The thing I have a problem with is those people that live or visit there, attain knowledge and then keep it like it was their most precious possestion and never communicate it to the rest of us. I really dont care for the pompass megadans that treat others as if they were their domain and if you want to learn you must learn it from me. Or this, I am the only one teaching that has it right. 

My question to you is this, what would you have me do, quit? No sir, it has not been easy on me to learn what i have, and it has been dang hard doing this, raising two boys and holding down a job for the past 16 years to provide for my family. So pardon me if I have people above me who care and want the best for those of us who train here. They give me their best and i them.


----------



## Don Roley (Dec 4, 2004)

Mountain Kusa said:
			
		

> My question to you is this, what would you have me do, quit?



No, stay within what you have been taught since that is probably enough and more than 99 percent of the people in martial arts will ever see. The basics, done right, are much better than trying to learn from kata notes.


----------



## Mountain Kusa (Dec 4, 2004)

Don Roley said:
			
		

> No, stay within what you have been taught since that is probably enough and more than 99 percent of the people in martial arts will ever see.
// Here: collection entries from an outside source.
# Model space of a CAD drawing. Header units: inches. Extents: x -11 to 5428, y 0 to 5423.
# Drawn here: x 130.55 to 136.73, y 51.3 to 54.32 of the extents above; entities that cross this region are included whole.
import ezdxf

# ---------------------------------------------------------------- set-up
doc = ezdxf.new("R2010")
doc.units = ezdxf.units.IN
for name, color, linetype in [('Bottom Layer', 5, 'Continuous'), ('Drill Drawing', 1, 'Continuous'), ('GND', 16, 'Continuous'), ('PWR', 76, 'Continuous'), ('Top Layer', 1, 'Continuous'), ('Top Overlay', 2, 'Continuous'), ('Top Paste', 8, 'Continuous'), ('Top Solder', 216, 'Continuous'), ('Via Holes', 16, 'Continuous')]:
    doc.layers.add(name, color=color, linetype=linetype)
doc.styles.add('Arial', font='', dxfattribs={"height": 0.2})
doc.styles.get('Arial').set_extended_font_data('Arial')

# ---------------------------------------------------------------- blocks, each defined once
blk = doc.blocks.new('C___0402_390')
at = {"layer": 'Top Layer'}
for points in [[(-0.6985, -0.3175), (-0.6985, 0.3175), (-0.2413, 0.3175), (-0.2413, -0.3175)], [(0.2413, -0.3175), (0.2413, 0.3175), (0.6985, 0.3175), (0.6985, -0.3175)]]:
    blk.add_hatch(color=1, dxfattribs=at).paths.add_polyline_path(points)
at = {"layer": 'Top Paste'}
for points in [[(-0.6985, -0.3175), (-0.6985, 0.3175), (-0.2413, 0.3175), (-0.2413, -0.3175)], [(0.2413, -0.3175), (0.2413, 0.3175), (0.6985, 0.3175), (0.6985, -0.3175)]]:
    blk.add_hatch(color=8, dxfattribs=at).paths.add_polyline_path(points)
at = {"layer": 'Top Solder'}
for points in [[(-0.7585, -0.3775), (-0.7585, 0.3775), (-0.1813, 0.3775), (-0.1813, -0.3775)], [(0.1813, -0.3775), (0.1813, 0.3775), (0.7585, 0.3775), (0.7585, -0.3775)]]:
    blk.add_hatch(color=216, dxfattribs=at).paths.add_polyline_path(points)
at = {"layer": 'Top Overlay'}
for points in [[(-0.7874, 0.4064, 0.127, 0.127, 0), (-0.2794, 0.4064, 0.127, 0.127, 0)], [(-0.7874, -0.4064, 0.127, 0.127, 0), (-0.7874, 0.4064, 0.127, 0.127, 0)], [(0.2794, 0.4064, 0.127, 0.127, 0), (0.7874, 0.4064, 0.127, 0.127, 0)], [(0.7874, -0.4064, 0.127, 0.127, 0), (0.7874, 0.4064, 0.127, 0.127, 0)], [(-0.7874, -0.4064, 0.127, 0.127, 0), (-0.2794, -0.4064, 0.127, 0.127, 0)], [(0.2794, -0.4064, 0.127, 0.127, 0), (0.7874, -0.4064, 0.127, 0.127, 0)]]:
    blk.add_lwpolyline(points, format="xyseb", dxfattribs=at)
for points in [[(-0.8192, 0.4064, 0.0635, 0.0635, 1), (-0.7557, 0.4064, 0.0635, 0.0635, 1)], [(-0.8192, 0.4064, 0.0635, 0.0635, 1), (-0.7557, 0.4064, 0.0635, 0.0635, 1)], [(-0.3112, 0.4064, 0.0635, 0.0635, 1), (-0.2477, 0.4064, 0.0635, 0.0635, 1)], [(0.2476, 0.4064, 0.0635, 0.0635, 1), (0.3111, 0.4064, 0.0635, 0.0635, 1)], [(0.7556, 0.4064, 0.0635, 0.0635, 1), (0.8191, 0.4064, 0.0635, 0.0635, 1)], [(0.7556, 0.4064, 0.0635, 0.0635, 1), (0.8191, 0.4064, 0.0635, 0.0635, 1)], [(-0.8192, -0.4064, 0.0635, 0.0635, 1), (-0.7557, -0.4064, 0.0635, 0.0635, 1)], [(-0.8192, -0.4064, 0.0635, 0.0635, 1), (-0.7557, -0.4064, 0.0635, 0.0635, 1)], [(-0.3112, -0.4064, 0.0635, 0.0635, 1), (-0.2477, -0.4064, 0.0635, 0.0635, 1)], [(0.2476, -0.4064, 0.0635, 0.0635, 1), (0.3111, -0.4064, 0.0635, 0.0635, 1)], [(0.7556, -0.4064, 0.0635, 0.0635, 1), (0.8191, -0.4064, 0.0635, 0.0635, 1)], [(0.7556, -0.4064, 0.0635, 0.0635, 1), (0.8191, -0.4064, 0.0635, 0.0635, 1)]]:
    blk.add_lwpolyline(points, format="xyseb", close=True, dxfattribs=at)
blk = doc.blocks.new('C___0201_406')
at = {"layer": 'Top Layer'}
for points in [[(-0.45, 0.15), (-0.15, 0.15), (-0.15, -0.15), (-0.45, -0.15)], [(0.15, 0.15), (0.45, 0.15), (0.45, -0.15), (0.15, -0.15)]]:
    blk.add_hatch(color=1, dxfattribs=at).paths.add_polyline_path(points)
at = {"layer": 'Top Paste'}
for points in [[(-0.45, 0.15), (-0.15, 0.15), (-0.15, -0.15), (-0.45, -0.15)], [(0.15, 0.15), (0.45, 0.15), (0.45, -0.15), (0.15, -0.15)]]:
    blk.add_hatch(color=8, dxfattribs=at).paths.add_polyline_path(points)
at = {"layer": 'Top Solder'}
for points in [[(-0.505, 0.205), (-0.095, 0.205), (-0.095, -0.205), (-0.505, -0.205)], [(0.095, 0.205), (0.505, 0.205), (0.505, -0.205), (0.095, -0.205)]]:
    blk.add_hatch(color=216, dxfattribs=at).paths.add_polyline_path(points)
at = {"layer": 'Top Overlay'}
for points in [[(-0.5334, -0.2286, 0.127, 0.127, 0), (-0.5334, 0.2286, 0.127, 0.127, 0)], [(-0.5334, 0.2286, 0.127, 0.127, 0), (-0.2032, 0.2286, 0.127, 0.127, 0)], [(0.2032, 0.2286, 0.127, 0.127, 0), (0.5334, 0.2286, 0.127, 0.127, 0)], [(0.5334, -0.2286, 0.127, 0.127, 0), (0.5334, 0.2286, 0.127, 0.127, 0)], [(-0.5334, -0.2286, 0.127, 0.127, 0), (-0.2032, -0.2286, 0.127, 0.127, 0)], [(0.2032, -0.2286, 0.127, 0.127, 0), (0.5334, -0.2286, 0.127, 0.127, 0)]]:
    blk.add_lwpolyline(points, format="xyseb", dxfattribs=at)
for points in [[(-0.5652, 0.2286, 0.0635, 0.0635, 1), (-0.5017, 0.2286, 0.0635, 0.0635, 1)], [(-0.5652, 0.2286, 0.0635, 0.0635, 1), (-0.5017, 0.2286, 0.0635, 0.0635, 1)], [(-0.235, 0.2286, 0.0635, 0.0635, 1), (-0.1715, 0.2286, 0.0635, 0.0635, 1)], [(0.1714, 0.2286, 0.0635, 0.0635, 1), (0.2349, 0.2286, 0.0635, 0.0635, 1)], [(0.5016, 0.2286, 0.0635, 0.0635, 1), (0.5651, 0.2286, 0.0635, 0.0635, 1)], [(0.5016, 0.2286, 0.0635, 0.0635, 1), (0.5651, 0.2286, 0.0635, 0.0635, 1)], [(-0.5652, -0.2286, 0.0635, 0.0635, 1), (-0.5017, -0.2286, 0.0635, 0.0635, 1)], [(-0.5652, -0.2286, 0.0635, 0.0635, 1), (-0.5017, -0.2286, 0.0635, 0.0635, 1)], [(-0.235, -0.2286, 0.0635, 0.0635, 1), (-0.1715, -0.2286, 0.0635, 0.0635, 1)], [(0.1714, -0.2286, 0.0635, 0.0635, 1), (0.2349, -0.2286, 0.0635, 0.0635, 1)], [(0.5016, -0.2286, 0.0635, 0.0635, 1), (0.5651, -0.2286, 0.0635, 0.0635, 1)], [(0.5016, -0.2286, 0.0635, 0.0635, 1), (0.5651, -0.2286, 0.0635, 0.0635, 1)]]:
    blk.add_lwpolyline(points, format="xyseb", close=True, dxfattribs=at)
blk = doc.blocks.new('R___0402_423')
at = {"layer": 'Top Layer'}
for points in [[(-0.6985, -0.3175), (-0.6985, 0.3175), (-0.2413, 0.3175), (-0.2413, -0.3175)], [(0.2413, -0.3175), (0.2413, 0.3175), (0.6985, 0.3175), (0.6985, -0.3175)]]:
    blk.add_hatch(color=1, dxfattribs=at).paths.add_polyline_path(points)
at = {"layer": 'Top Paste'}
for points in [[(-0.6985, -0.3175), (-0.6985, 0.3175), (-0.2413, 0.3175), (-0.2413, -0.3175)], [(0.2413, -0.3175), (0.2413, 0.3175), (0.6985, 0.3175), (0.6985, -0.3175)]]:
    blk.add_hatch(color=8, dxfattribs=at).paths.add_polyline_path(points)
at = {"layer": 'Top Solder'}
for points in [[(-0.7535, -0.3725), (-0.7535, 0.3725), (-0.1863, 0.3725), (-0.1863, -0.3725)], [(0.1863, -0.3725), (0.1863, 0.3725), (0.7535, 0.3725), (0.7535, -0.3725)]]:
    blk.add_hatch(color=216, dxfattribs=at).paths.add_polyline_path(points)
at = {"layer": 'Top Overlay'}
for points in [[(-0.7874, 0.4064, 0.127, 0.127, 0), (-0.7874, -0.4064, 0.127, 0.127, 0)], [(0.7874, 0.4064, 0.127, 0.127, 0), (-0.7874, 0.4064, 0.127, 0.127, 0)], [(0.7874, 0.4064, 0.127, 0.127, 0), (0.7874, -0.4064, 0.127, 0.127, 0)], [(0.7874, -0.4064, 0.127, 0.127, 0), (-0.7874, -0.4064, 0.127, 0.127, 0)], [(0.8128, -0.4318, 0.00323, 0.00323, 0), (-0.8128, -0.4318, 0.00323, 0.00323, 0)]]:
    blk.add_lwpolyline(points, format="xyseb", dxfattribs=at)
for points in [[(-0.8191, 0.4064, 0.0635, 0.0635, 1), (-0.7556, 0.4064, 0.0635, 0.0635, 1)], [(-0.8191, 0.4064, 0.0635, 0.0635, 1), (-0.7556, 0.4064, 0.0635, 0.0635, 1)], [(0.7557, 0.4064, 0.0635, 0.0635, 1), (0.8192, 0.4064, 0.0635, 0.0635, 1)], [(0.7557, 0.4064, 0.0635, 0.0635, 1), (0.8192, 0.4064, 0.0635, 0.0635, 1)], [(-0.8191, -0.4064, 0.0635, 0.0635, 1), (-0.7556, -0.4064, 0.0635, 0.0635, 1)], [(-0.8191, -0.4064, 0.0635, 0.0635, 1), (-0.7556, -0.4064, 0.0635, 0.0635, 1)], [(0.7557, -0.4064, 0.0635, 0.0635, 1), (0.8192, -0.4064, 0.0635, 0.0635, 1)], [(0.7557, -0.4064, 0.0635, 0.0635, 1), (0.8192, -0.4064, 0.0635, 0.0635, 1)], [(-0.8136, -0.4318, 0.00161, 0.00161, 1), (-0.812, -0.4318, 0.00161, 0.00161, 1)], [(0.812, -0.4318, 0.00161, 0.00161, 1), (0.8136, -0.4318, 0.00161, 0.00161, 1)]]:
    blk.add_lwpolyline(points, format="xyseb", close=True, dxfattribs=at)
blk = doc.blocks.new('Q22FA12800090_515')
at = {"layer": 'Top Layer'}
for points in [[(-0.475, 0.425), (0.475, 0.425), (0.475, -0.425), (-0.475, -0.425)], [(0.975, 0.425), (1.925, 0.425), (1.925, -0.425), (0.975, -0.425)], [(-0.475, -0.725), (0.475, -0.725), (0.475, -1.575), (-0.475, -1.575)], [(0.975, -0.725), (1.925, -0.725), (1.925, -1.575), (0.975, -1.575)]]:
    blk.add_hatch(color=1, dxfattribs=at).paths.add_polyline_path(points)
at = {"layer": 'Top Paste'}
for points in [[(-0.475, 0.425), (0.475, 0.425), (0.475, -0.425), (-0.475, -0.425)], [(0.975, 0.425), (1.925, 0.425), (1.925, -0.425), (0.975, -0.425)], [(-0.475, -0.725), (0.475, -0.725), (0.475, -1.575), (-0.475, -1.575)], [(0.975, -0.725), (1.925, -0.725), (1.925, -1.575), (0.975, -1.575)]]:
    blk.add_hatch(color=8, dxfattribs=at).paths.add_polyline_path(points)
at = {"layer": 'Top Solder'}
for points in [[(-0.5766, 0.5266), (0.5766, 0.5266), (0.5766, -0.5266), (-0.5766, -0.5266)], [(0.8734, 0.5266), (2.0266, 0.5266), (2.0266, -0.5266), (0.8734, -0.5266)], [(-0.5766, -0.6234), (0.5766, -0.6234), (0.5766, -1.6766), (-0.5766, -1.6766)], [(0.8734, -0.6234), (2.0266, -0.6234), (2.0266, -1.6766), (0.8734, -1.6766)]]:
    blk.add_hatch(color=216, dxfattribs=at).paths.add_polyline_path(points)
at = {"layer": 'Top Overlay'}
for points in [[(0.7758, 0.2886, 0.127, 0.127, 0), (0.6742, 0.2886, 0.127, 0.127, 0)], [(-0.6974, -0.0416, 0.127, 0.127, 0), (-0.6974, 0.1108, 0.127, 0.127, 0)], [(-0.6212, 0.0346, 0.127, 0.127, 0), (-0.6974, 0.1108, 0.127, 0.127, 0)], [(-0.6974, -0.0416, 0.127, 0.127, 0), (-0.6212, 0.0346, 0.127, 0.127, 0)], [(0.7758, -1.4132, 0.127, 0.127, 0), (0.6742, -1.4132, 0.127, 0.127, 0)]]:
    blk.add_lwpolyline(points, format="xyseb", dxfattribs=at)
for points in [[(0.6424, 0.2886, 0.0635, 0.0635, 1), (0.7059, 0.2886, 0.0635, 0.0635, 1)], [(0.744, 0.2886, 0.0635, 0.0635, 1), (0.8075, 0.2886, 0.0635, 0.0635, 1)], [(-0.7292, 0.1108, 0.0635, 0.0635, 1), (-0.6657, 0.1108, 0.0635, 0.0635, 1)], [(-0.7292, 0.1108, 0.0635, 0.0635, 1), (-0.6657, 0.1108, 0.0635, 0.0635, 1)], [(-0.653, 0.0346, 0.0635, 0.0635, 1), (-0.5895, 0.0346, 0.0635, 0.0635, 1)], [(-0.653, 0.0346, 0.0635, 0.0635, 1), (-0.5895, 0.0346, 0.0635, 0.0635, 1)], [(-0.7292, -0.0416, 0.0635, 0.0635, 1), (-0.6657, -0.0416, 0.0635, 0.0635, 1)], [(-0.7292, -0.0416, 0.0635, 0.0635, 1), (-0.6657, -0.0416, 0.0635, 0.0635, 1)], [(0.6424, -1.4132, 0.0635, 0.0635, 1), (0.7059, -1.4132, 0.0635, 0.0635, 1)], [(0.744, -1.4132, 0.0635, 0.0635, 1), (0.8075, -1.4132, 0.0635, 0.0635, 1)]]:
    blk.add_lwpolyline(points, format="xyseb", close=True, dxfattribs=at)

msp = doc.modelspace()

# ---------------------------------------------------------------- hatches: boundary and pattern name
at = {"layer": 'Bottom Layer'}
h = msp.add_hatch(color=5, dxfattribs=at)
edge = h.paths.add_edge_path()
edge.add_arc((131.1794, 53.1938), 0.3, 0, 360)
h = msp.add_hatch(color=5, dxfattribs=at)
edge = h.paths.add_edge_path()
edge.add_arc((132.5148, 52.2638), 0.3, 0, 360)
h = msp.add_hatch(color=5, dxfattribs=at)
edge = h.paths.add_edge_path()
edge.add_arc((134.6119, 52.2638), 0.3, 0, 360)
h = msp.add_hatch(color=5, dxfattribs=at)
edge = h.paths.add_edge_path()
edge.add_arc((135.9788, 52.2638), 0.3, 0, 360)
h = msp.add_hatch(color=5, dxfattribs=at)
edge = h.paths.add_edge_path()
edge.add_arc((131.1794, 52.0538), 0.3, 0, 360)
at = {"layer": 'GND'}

The basics, done right, are much better than trying to learn from kata notes.


This is what I do, I go by these rules, everything begins and ends with kihon, Ultimately everything is henka. I always try to stay within the framework of the principles taught. I use the kata to find new ways to learn the kihon and sanshin, and in turn I get insights to the kata. I have never said i know anything or everything, In fact the more I learn, the less I know.

I have had the notion lately that all the Ryu are made up of the Kihon and sanshin. But this is requiring more and more research and training. 

And Just for the record in my above post, i was not mad or upset, but I will state my oppinion, and give others the right to state theirs. Have a good day sir


----------



## Tengu6 (Dec 5, 2004)

With all due respect to Don, who are you to say what can and cant be done? Video tapes, notes, whatever medium......if you start with what you know and see if what is in the notes fits with those pricipals..or if you know "what" to look for on a video, you can learn.............I would say that it is not possible unless you have experience with a qualified instructor first so you know what to look for.......and I dont think you can outright substitute traiing with a teacher for video's and notes............but it can, and is being done with success.......this is confirmed whenever someone in this situation visits Sensei in Japan and discovers they are doing it right.

I think we would agree that these techniques are tried and true from centuries on the battlefield..these techniques originated as thought and then troubleshooted and finly field tested.......this was before it could be taught by an instructor.

Notes and vidoes are not the best way..........but they are good supliments. Chris studys any way he can.....and when he shows his findings to instructors up to 15th Dan, his findings are confirmed.

Yo may have a strong opinion on this, and most likely many people agree with you, but that does not make it truth.

With respect,
Markk Bush


----------



## Don Roley (Dec 5, 2004)

Tengu6 said:
			
		

> With all due respect to Don, who are you to say what can and cant be done?



I am saying what I do based on my knowledge and experience with the katas and the teaching methods I have experienced both in America  and here in Japan.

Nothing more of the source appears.